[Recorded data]
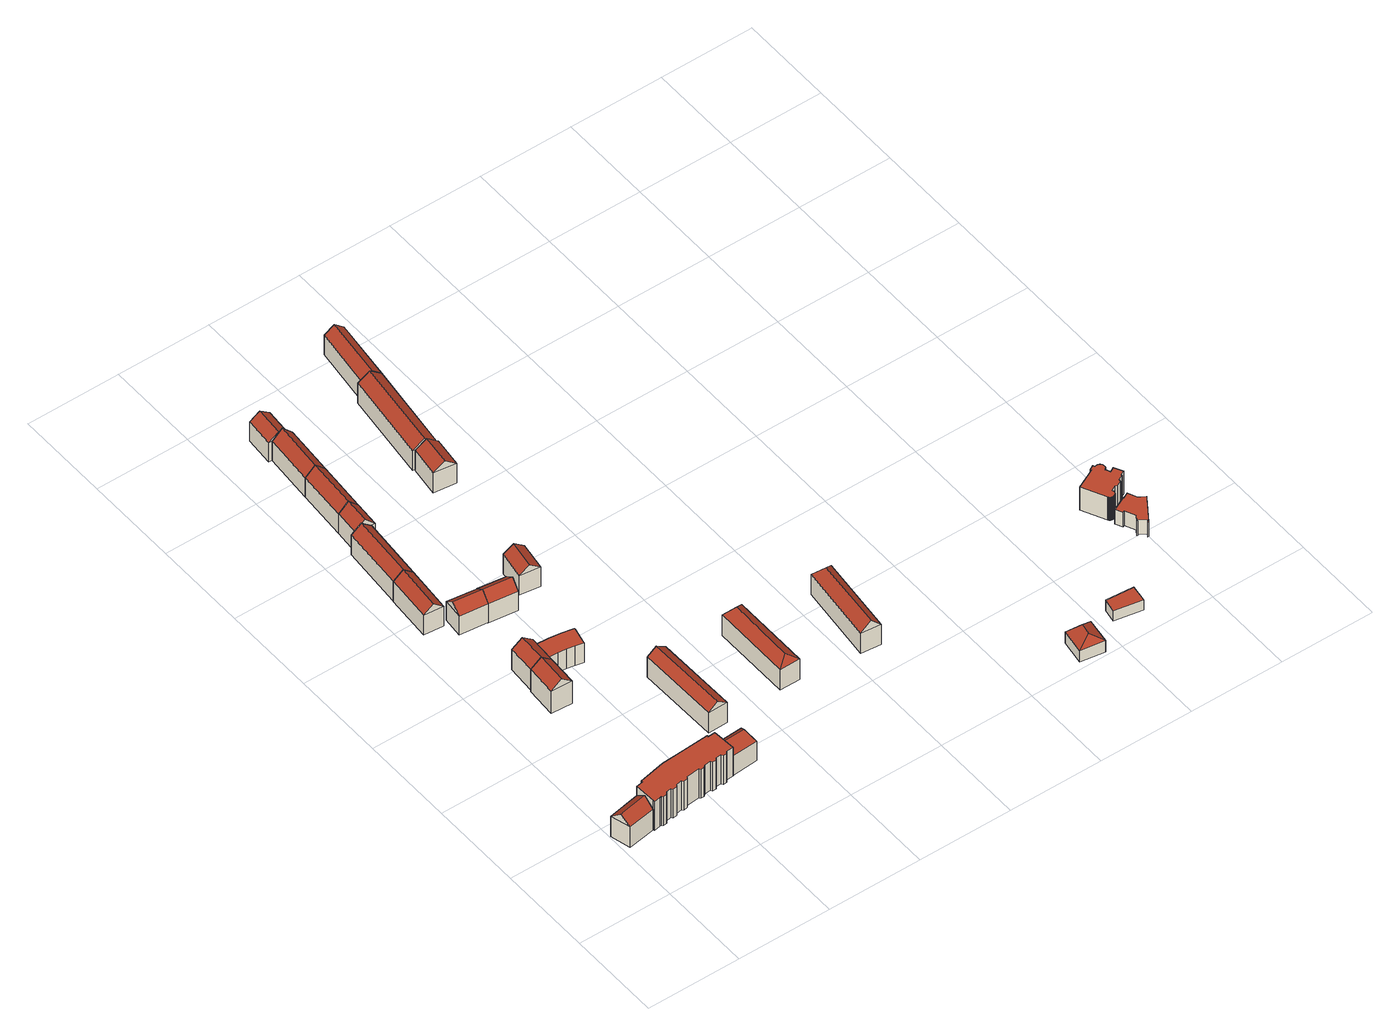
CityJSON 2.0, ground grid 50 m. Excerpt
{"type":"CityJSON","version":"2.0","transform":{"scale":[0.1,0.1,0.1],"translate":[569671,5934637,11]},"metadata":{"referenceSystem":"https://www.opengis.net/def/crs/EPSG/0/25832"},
"CityObjects":{
"building1":{"type":"Building","attributes":{"name":"HirtenstraÃe","Gemeindeschluessel":"02100122","function":"31001_1010","yearOfConstruction":1957,"roofType":"3100","measuredHeight":17.53,"storeysAboveGround":4},"address":[{"country":"Germany","locality":"Hamburg","thoroughfareNumber":"54","thoroughfareName":"Hirtenstraße","postcode":"20535"}],"geometry":[{"type":"Solid","lod":"2","boundaries":[[[[0,1,2,3]],[[4,5,1,0]],[[6,7,5,4]],[[3,2,7,6]],[[0,8,4]],[[6,9,3]],[[3,9,8,0]],[[4,8,9,6]],[[1,5,7,2]]]],"semantics":{"surfaces":[{"type":"WallSurface"},{"type":"RoofSurface","Flaechenneigung":"49.9334538128783","Flaechenrichtung":"349.730209899926","Flaechengroesse":"118.022397319422"},{"type":"RoofSurface","Flaechenneigung":"49.9359673510529","Flaechenrichtung":"169.910505547471","Flaechengroesse":"109.217837290809"},{"type":"GroundSurface"}],"values":[[0,0,0,0,0,0,1,2,3]]}}]},
"building2":{"type":"Building","attributes":{"name":"HirtenstraÃe","Gemeindeschluessel":"02100122","function":"31001_1010","yearOfConstruction":1957,"roofType":"1000","measuredHeight":18.1,"storeysAboveGround":4},"address":[{"country":"Germany","locality":"Hamburg","thoroughfareNumber":"58","thoroughfareName":"Hirtenstraße","postcode":"20535"}],"geometry":[{"type":"Solid","lod":"2","boundaries":[[[[10,11,12,13]],[[14,15,11,10]],[[16,17,15,14]],[[18,19,17,16]],[[20,21,19,18]],[[22,23,21,20]],[[24,25,23,22]],[[26,27,25,24]],[[28,29,27,26]],[[30,31,29,28]],[[32,33,31,30]],[[34,35,33,32]],[[36,37,35,34]],[[38,39,37,36]],[[40,41,39,38]],[[42,43,41,40]],[[44,45,43,42]],[[46,47,45,44]],[[48,49,47,46]],[[50,51,49,48]],[[52,53,51,50]],[[54,55,53,52]],[[56,57,55,54]],[[58,59,57,56]],[[60,61,59,58]],[[62,63,61,60]],[[64,65,63,62]],[[66,67,65,64]],[[68,69,67,66]],[[70,71,69,68]],[[72,73,71,70]],[[74,75,73,72]],[[76,77,75,74]],[[78,79,77,76]],[[80,81,79,78]],[[82,83,81,80]],[[13,12,83,82]],[[80,78,76,74,72,70,68,66,64,62,60,58,56,54,52,50,48,46,44,42,40,38,36,34,32,30,28,26,24,22,20,18,16,14,10,13,82]],[[11,15,17,19,21,23,25,27,29,31,33,35,37,39,41,43,45,47,49,51,53,55,57,59,61,63,65,67,69,71,73,75,77,79,81,83,12]]]],"semantics":{"surfaces":[{"type":"WallSurface"},{"type":"RoofSurface","Flaechenneigung":"90","Flaechenrichtung":"0","Flaechengroesse":"638.93605648584"},{"type":"GroundSurface"}],"values":[[0,0,0,0,0,0,0,0,0,0,0,0,0,0,0,0,0,0,0,0,0,0,0,0,0,0,0,0,0,0,0,0,0,0,0,0,0,1,2]]}}]},
"building3":{"type":"Building","attributes":{"name":"HirtenstraÃe","Gemeindeschluessel":"02100122","function":"31001_1010","yearOfConstruction":1957,"roofType":"3100","measuredHeight":18.47,"storeysAboveGround":4},"address":[{"country":"Germany","locality":"Hamburg","thoroughfareNumber":"55","thoroughfareName":"Hirtenstraße","postcode":"20535"}],"geometry":[{"type":"Solid","lod":"2","boundaries":[[[[84,85,86,87]],[[88,89,85,84]],[[90,91,89,88]],[[87,86,91,90]],[[84,92,88]],[[90,93,87]],[[87,93,92,84]],[[88,92,93,90]],[[85,89,91,86]]]],"semantics":{"surfaces":[{"type":"WallSurface"},{"type":"RoofSurface","Flaechenneigung":"51.2122402934703","Flaechenrichtung":"273.374601804559","Flaechengroesse":"114.593032173527"},{"type":"RoofSurface","Flaechenneigung":"51.2122401367297","Flaechenrichtung":"93.3729320381092","Flaechengroesse":"114.589274207159"},{"type":"GroundSurface"}],"values":[[0,0,0,0,0,0,1,2,3]]}}]},
"building4":{"type":"Building","attributes":{"name":"Carl-Petersen-StraÃe","Gemeindeschluessel":"02100122","function":"31001_1010","yearOfConstruction":1957,"roofType":"3100","measuredHeight":17.22,"storeysAboveGround":4},"address":[{"country":"Germany","locality":"Hamburg","thoroughfareNumber":"53","thoroughfareName":"Hirtenstraße","postcode":"20535"}],"geometry":[{"type":"Solid","lod":"2","boundaries":[[[[94,95,96,84]],[[97,98,95,94]],[[88,99,98,97]],[[84,96,99,88]],[[94,100,97]],[[88,92,84]],[[84,92,100,94]],[[97,100,92,88]],[[95,98,99,96]]]],"semantics":{"surfaces":[{"type":"WallSurface"},{"type":"RoofSurface","Flaechenneigung":"51.2527799460082","Flaechenrichtung":"273.373751766749","Flaechengroesse":"104.922973425165"},{"type":"RoofSurface","Flaechenneigung":"51.2526964971133","Flaechenrichtung":"93.373751766795","Flaechengroesse":"104.922973422475"},{"type":"GroundSurface"}],"values":[[0,0,0,0,0,0,1,2,3]]}}]},
"building5":{"type":"Building","attributes":{"name":"Auf den BlÃ¶cken","Gemeindeschluessel":"02100122","function":"31001_1010","yearOfConstruction":1957,"roofType":"3100","measuredHeight":16.89,"storeysAboveGround":4},"address":[{"country":"Germany","locality":"Hamburg","thoroughfareNumber":"4","thoroughfareName":"Auf den Blöcken","postcode":"20535"}],"geometry":[{"type":"Solid","lod":"2","boundaries":[[[[101,102,103,104]],[[105,106,102,101]],[[107,108,106,105]],[[104,103,108,107]],[[101,109,105]],[[107,110,104]],[[104,110,109,101]],[[105,109,110,107]],[[102,106,108,103]]]],"semantics":{"surfaces":[{"type":"WallSurface"},{"type":"RoofSurface","Flaechenneigung":"49.410108099328","Flaechenrichtung":"94.516003651114","Flaechengroesse":"171.342587666664"},{"type":"RoofSurface","Flaechenneigung":"49.4101219184839","Flaechenrichtung":"274.530776977418","Flaechengroesse":"170.566553075133"},{"type":"GroundSurface"}],"values":[[0,0,0,0,0,0,1,2,3]]}}]},
"building6":{"type":"Building","attributes":{"name":"Carl-Petersen-StraÃe","Gemeindeschluessel":"02100122","function":"31001_1010","yearOfConstruction":1968,"roofType":"3100","measuredHeight":16.25,"storeysAboveGround":4},"address":[{"country":"Germany","locality":"Hamburg","thoroughfareNumber":"117","thoroughfareName":"Carl-Petersen-Straße","postcode":"20535"}],"geometry":[{"type":"Solid","lod":"2","boundaries":[[[[111,112,113,114]],[[115,116,112,111]],[[117,118,116,115]],[[114,113,118,117]],[[111,119,115]],[[117,120,114]],[[114,120,119,111]],[[115,119,120,117]],[[112,116,118,113]]]],"semantics":{"surfaces":[{"type":"WallSurface"},{"type":"RoofSurface","Flaechenneigung":"50.5035014213378","Flaechenrichtung":"186.88303606996","Flaechengroesse":"105.285923994902"},{"type":"RoofSurface","Flaechenneigung":"50.5038225184407","Flaechenrichtung":"7.24976276673554","Flaechengroesse":"106.327651984077"},{"type":"GroundSurface"}],"values":[[0,0,0,0,0,0,1,2,3]]}}]},
"building7":{"type":"Building","attributes":{"name":"Hammer Steindamm","Gemeindeschluessel":"02100122","function":"31001_1010","yearOfConstruction":1957,"roofType":"5000","measuredHeight":17.58,"storeysAboveGround":4},"address":[{"country":"Germany","locality":"Hamburg","thoroughfareNumber":"146","thoroughfareName":"Hammer Steindamm","postcode":"20535"}],"geometry":[{"type":"Solid","lod":"2","boundaries":[[[[121,122,123,124]],[[125,126,122,121]],[[127,128,126,125]],[[124,123,128,127]],[[121,129,125]],[[127,130,124]],[[124,130,129,121]],[[125,129,130,127]],[[122,126,128,123]]]],"semantics":{"surfaces":[{"type":"WallSurface"},{"type":"RoofSurface","Flaechenneigung":"28.4643413078306","Flaechenrichtung":"87.4020959257672","Flaechengroesse":"32.0772553546025"},{"type":"RoofSurface","Flaechenneigung":"45.3066461157288","Flaechenrichtung":"357.188109706537","Flaechengroesse":"95.276224586997"},{"type":"RoofSurface","Flaechenneigung":"45.3092478226546","Flaechenrichtung":"176.643185557677","Flaechengroesse":"94.0233128691073"},{"type":"GroundSurface"}],"values":[[0,0,0,0,1,0,2,3,4]]}}]},
"building8":{"type":"Building","attributes":{"name":"Auf den BlÃ¶cken","Gemeindeschluessel":"02100122","function":"31001_1010","yearOfConstruction":1957,"roofType":"3100","measuredHeight":16.82,"storeysAboveGround":4},"address":[{"country":"Germany","locality":"Hamburg","thoroughfareNumber":"6","thoroughfareName":"Auf den Blöcken","postcode":"20535"}],"geometry":[{"type":"Solid","lod":"2","boundaries":[[[[131,132,133,107]],[[134,135,132,131]],[[104,136,135,134]],[[107,133,136,104]],[[131,137,134]],[[104,110,107]],[[107,110,137,131]],[[134,137,110,104]],[[132,135,136,133]]]],"semantics":{"surfaces":[{"type":"WallSurface"},{"type":"RoofSurface","Flaechenneigung":"49.2248682562739","Flaechenrichtung":"274.508668864937","Flaechengroesse":"235.256726569742"},{"type":"RoofSurface","Flaechenneigung":"49.2249344666691","Flaechenrichtung":"94.508735144832","Flaechengroesse":"235.25327462413"},{"type":"GroundSurface"}],"values":[[0,0,0,0,0,0,1,2,3]]}}]},
"building9":{"type":"Building","attributes":{"name":"Carl-Petersen-StraÃe","Gemeindeschluessel":"02100122","function":"31001_1010","yearOfConstruction":1957,"roofType":"1000","measuredHeight":12.23,"storeysAboveGround":3},"address":[{"country":"Germany","locality":"Hamburg","thoroughfareNumber":"124","thoroughfareName":"Carl-Petersen-Straße","postcode":"20535"}],"geometry":[{"type":"Solid","lod":"2","boundaries":[[[[138,139,140,141]],[[142,143,139,138]],[[144,145,143,142]],[[146,147,145,144]],[[148,149,147,146]],[[150,151,149,148]],[[152,153,151,150]],[[154,155,153,152]],[[156,157,155,154]],[[158,159,157,156]],[[141,140,159,158]],[[156,154,152,150,148,146,144,142,138,141,158]],[[139,143,145,147,149,151,153,155,157,159,140]]]],"semantics":{"surfaces":[{"type":"WallSurface"},{"type":"RoofSurface","Flaechenneigung":"90","Flaechenrichtung":"0","Flaechengroesse":"180.989428671581"},{"type":"GroundSurface"}],"values":[[0,0,0,0,0,0,0,0,0,0,0,1,2]]}}]},
"building10":{"type":"Building","attributes":{"name":"Auf den BlÃ¶cken","Gemeindeschluessel":"02100122","function":"31001_1010","yearOfConstruction":1957,"roofType":"3100","measuredHeight":17.61,"storeysAboveGround":4},"address":[{"country":"Germany","locality":"Hamburg","thoroughfareNumber":"10","thoroughfareName":"Auf den Blöcken","postcode":"20535"}],"geometry":[{"type":"Solid","lod":"2","boundaries":[[[[160,161,162,163]],[[164,165,161,160]],[[166,167,165,164]],[[163,162,167,166]],[[160,168,164]],[[166,169,163]],[[163,169,168,160]],[[164,168,169,166]],[[161,165,167,162]]]],"semantics":{"surfaces":[{"type":"WallSurface"},{"type":"RoofSurface","Flaechenneigung":"44.678600148363","Flaechenrichtung":"274.184993591903","Flaechengroesse":"100.034664905074"},{"type":"RoofSurface","Flaechenneigung":"44.6784728044763","Flaechenrichtung":"94.2766622586606","Flaechengroesse":"100.0316442246"},{"type":"GroundSurface"}],"values":[[0,0,0,0,0,0,1,2,3]]}}]},
"building11":{"type":"Building","attributes":{"name":"Carl-Petersen-StraÃe","Gemeindeschluessel":"02100122","function":"31001_1010","yearOfConstruction":1957,"roofType":"3100","measuredHeight":16.33,"storeysAboveGround":4},"address":[{"country":"Germany","locality":"Hamburg","thoroughfareNumber":"119","thoroughfareName":"Carl-Petersen-Straße","postcode":"20535"}],"geometry":[{"type":"Solid","lod":"2","boundaries":[[[[170,171,172,173]],[[174,175,171,170]],[[176,177,175,174]],[[173,172,177,176]],[[170,178,174]],[[176,179,173]],[[173,179,178,170]],[[174,178,179,176]],[[171,175,177,172]]]],"semantics":{"surfaces":[{"type":"WallSurface"},{"type":"RoofSurface","Flaechenneigung":"50.8477006978234","Flaechenrichtung":"7.62004053188802","Flaechengroesse":"104.449203260143"},{"type":"RoofSurface","Flaechenneigung":"50.8480564175379","Flaechenrichtung":"187.861527415341","Flaechengroesse":"104.440526858055"},{"type":"GroundSurface"}],"values":[[0,0,0,0,0,0,1,2,3]]}}]},
"building12":{"type":"Building","attributes":{"name":"Auf den BlÃ¶cken","Gemeindeschluessel":"02100122","function":"31001_1010","yearOfConstruction":1957,"roofType":"3100","measuredHeight":17.51,"storeysAboveGround":4},"address":[{"country":"Germany","locality":"Hamburg","thoroughfareNumber":"14","thoroughfareName":"Auf den Blöcken","postcode":"20535"}],"geometry":[{"type":"Solid","lod":"2","boundaries":[[[[180,181,182,183]],[[184,185,181,180]],[[186,187,185,184]],[[183,182,187,186]],[[180,188,184]],[[186,168,183]],[[183,168,188,180]],[[184,188,168,186]],[[181,185,187,182]]]],"semantics":{"surfaces":[{"type":"WallSurface"},{"type":"RoofSurface","Flaechenneigung":"44.592156226945","Flaechenrichtung":"274.178082148772","Flaechengroesse":"199.104386591258"},{"type":"RoofSurface","Flaechenneigung":"44.5921067315008","Flaechenrichtung":"94.258914507947","Flaechengroesse":"199.102694180648"},{"type":"GroundSurface"}],"values":[[0,0,0,0,0,0,1,2,3]]}}]},
"building13":{"type":"Building","attributes":{"name":"Hammer Steindamm","Gemeindeschluessel":"02100122","function":"31001_1010","yearOfConstruction":1957,"roofType":"3100","measuredHeight":16.43,"storeysAboveGround":4},"address":[{"country":"Germany","locality":"Hamburg","thoroughfareNumber":"144","thoroughfareName":"Hammer Steindamm","postcode":"20535"}],"geometry":[{"type":"Solid","lod":"2","boundaries":[[[[189,190,191,192]],[[193,194,190,189]],[[195,196,194,193]],[[192,191,196,195]],[[189,197,193]],[[195,198,192]],[[192,198,197,189]],[[193,197,198,195]],[[190,194,196,191]]]],"semantics":{"surfaces":[{"type":"WallSurface"},{"type":"RoofSurface","Flaechenneigung":"53.6496606621401","Flaechenrichtung":"88.8705215685183","Flaechengroesse":"280.040693705272"},{"type":"RoofSurface","Flaechenneigung":"53.649637243758","Flaechenrichtung":"268.871179794385","Flaechengroesse":"280.040630167555"},{"type":"GroundSurface"}],"values":[[0,0,0,0,0,0,1,2,3]]}}]},
"building14":{"type":"Building","attributes":{"name":"Auf den BlÃ¶cken","Gemeindeschluessel":"02100122","function":"31001_1010","yearOfConstruction":1957,"roofType":"3100","measuredHeight":17.52,"storeysAboveGround":4},"address":[{"country":"Germany","locality":"Hamburg","thoroughfareNumber":"16","thoroughfareName":"Auf den Blöcken","postcode":"20535"}],"geometry":[{"type":"Solid","lod":"2","boundaries":[[[[184,185,199,200]],[[180,181,185,184]],[[201,202,181,180]],[[200,199,202,201]],[[184,188,180]],[[201,203,200]],[[200,203,188,184]],[[180,188,203,201]],[[185,181,202,199]]]],"semantics":{"surfaces":[{"type":"WallSurface"},{"type":"RoofSurface","Flaechenneigung":"44.4493378367429","Flaechenrichtung":"94.2461371502811","Flaechengroesse":"200.841951885812"},{"type":"RoofSurface","Flaechenneigung":"44.4493175166213","Flaechenrichtung":"274.186889312806","Flaechengroesse":"200.84170362994"},{"type":"GroundSurface"}],"values":[[0,0,0,0,0,0,1,2,3]]}}]},
"building15":{"type":"Building","attributes":{"name":"Auf den BlÃ¶cken","Gemeindeschluessel":"02100122","function":"31001_1010","yearOfConstruction":1918,"roofType":"3100","measuredHeight":15.88,"storeysAboveGround":4},"address":[{"country":"Germany","locality":"Hamburg","thoroughfareNumber":"20","thoroughfareName":"Auf den Blöcken","postcode":"20535"}],"geometry":[{"type":"Solid","lod":"2","boundaries":[[[[204,205,206,207]],[[208,209,205,204]],[[210,211,209,208]],[[207,206,211,210]],[[204,212,208]],[[210,213,207]],[[207,213,212,204]],[[208,212,213,210]],[[205,209,211,206]]]],"semantics":{"surfaces":[{"type":"WallSurface"},{"type":"RoofSurface","Flaechenneigung":"53.3348150903892","Flaechenrichtung":"274.222186883219","Flaechengroesse":"101.839704208701"},{"type":"RoofSurface","Flaechenneigung":"53.3346657800348","Flaechenrichtung":"94.2260118071869","Flaechengroesse":"101.836911379362"},{"type":"GroundSurface"}],"values":[[0,0,0,0,0,0,1,2,3]]}}]},
"building16":{"type":"Building","attributes":{"name":"Lohhof","Gemeindeschluessel":"02100122","function":"31001_1010","yearOfConstruction":1957,"roofType":"3100","measuredHeight":16.29,"storeysAboveGround":4},"address":[{"country":"Germany","locality":"Hamburg","thoroughfareNumber":"1","thoroughfareName":"Lohhof","postcode":"20535"}],"geometry":[{"type":"Solid","lod":"2","boundaries":[[[[214,215,216,217]],[[218,219,215,214]],[[220,221,219,218]],[[217,216,221,220]],[[214,222,218]],[[220,223,217]],[[217,223,222,214]],[[218,222,223,220]],[[215,219,221,216]]]],"semantics":{"surfaces":[{"type":"WallSurface"},{"type":"RoofSurface","Flaechenneigung":"53.9360817724943","Flaechenrichtung":"98.5303879939975","Flaechengroesse":"99.5425328210005"},{"type":"RoofSurface","Flaechenneigung":"53.9258901445393","Flaechenrichtung":"279.37135502149","Flaechengroesse":"99.9239069675338"},{"type":"GroundSurface"}],"values":[[0,0,0,0,0,0,1,2,3]]}}]},
"building17":{"type":"Building","attributes":{"name":"Hammer Steindamm","Gemeindeschluessel":"02100123","function":"31001_1010","yearOfConstruction":1957,"roofType":"3200","measuredHeight":17.18,"storeysAboveGround":4},"address":[{"country":"Germany","locality":"Hamburg","thoroughfareNumber":"145","thoroughfareName":"Hammer Steindamm","postcode":"20535"}],"geometry":[{"type":"Solid","lod":"2","boundaries":[[[[224,225,226,227]],[[228,229,225,224]],[[230,231,229,228]],[[227,226,231,230]],[[224,232,228]],[[230,233,227]],[[227,233,232,224]],[[228,232,233,230]],[[225,229,231,226]]]],"semantics":{"surfaces":[{"type":"WallSurface"},{"type":"RoofSurface","Flaechenneigung":"37.2818554524104","Flaechenrichtung":"180.000010040978","Flaechengroesse":"29.9223042430612"},{"type":"RoofSurface","Flaechenneigung":"37.2822886894576","Flaechenrichtung":"359.994738581416","Flaechengroesse":"29.9250591263804"},{"type":"RoofSurface","Flaechenneigung":"51.0918179223979","Flaechenrichtung":"89.9983312532969","Flaechengroesse":"271.113843613067"},{"type":"RoofSurface","Flaechenneigung":"51.0918865129899","Flaechenrichtung":"269.997593699641","Flaechengroesse":"271.110355843667"},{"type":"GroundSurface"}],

TASK TO COMPLETE
From the records above, how many lines include the word "CityJSON"? Only the number is wanted.

TASK RESULT
2